Two campaigners join Nutchapakorn Nammueng of iLaw in Rangsit, Pathum Thani. (Photo: @NutchapakornTha X account)

iLaw and WeWatch are among almost two dozen organisations joining hands for the campaign to encourage more people to run for Senate seats.

They do not want to see a repeat of past polls in which mostly influential figures were elected. The Senate in the era of direct elections was ridiculed by the media and public as a family-business assembly as MPs fielded their wives or close relatives and they got elected.

The present upper house comprising 250 senators was picked entirely by the military regime. Its term will officially end on May 11 but members will remain until their successors are chosen. The new election is expected to start on June 22 at the district level and the national vote could take place by early July. Registrations are expected to take place in late May or early June.

The new Senate will have only 200 members elected from what could be the most complicated election system in the world. The Election Commission (EC) designed it in the hope that the complicated formula would at least make vote-buying and bloc voting more difficult.

The election consists of three tiers: district, provincial and national. At the district level, 55,680 individuals will be elected, consisting of the top three applicants in each of 20 professional and civil society groups across 928 districts.

From this pool, 3,080 individuals will be elected from the top two finishers at each provincial level, covering 77 provinces.

Finally, the 200 senators will be elected from the top 10 candidates in each group at the national level.

Although the voting system was created for fairness in the eyes of the EC, campaigners have said it still favours people who are either rich or are affiliated with political parties. Ordinary people could be discouraged from running as taking part in all three stages would be time-consuming, and the 2,500-baht registration fee seems to be high for people living upcountry, they said.

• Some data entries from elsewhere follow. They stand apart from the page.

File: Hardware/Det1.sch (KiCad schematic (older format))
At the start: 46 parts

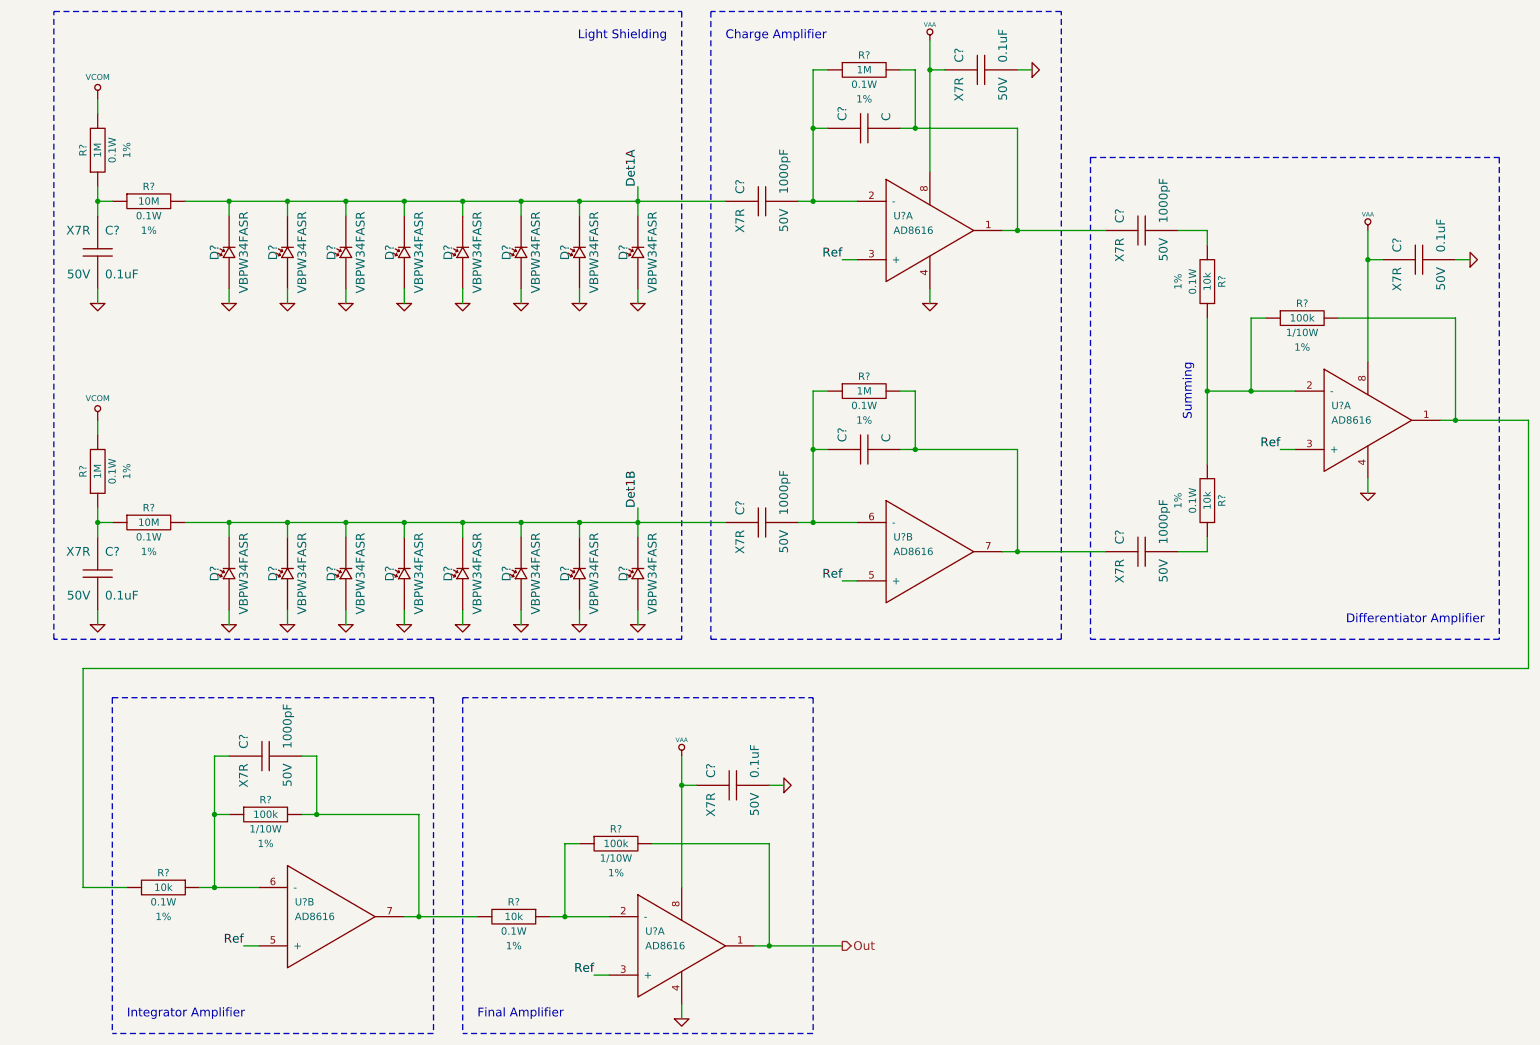
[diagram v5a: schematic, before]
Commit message: Rough layout for pin map testing
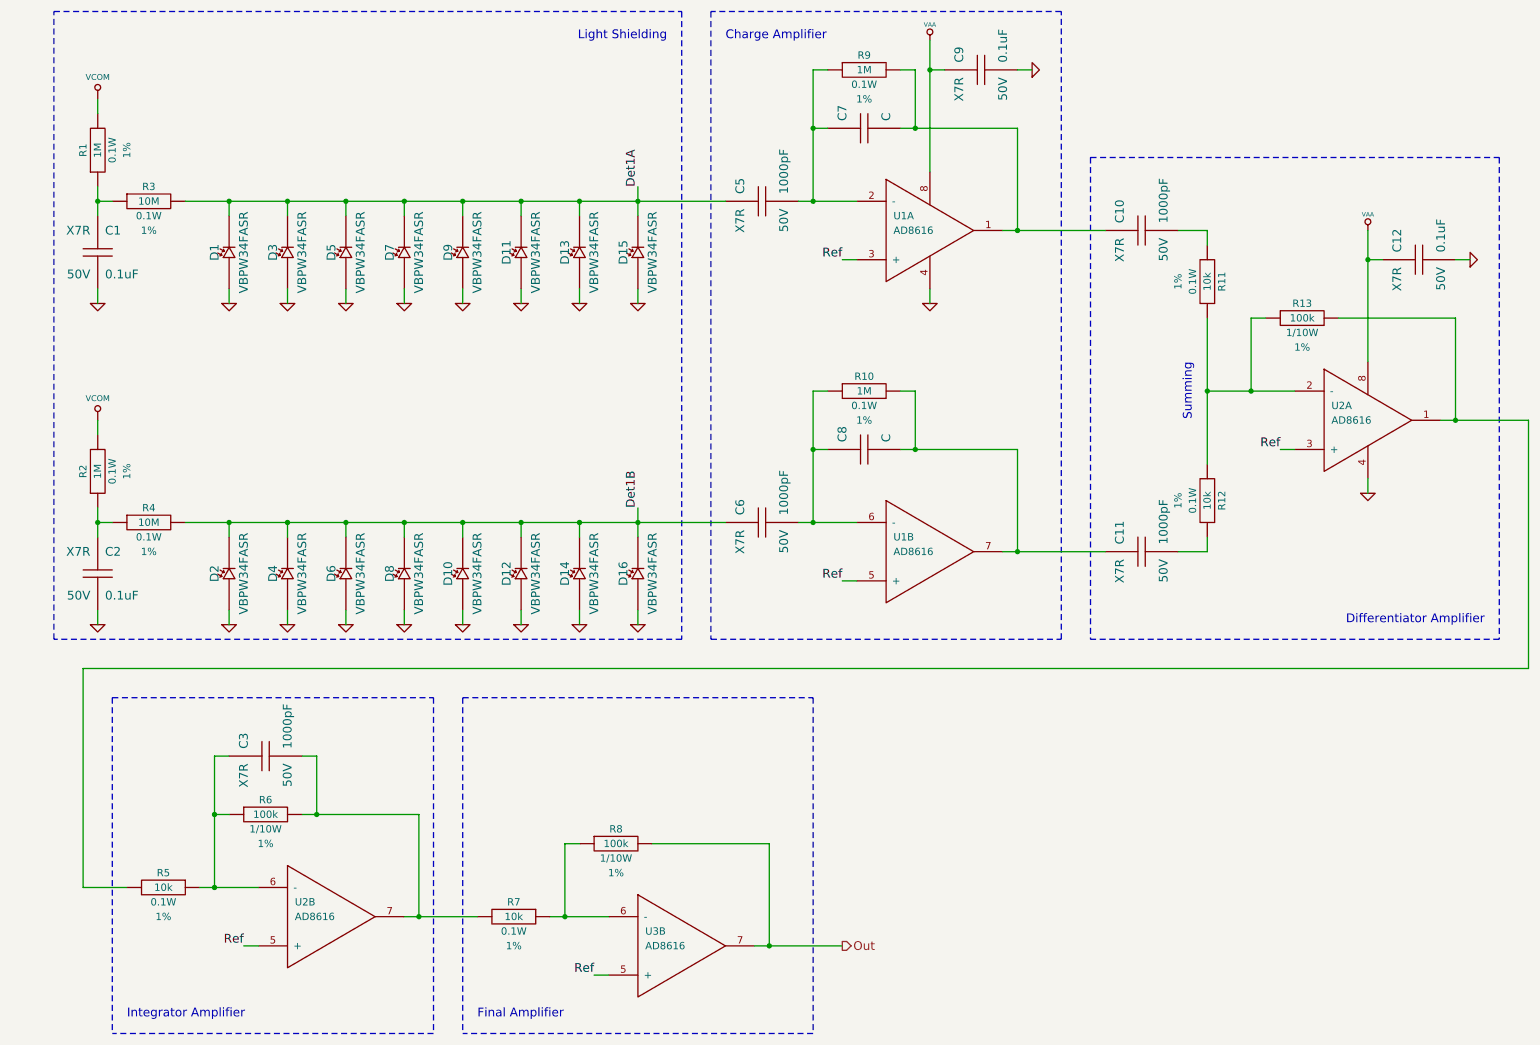
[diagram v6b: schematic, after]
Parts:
- removed C?: 0.1uF, CAPC1608, symbol C
- gave numbers to parts that had none: 43
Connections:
- net GND: now also U1.4; no longer U1.4, U3.4
- net Out: now also U3.7; no longer U1.1
- net Ref: now also U1.3 (+), U1.5 (+), U3.5 (+); no longer U1.3 (+), U1.5 (+), U3.3 (+)
- net VAA: now also U1.8; no longer U1.8, U3.8
- net at C5.2, C7.1, R9.1: now also U1.2 (-); no longer U2.2 (-)
- net at C10.1, C7.2, R9.2: now also U1.1; no longer U2.1
- net at C6.2, C8.1, R10.1: now also U1.6 (-); no longer U2.6 (-)
- net at C11.1, C8.2, R10.2: now also U1.7; no longer U2.7
- net at R11.1, R12.2, R13.1: now also U2.2 (-); no longer U3.2 (-)
- net at R13.2, R5.2: now also U2.1; no longer U3.1
- net at C3.1, R5.1, R6.1: now also U2.6 (-); no longer U1.6 (-)
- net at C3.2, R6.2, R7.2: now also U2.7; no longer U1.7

As well, young people will not be represented as candidates must be eligible voters aged 40 years old or more.

But Mr Nutchapakorn of iLaw said young voters still have a role to play by convincing people at home or in their neighbourhoods to contest. He said more candidates from the ranks of ordinary people could stand in the way of influential figures, who have more money and clout, being selected as senators.

“Independent voting could reduce the chance for vote collusion,” the iLaw activist said.

“We hope their sacrifice to run in the Senate election would help fulfil the true principle of an election. That is democracy,” he added.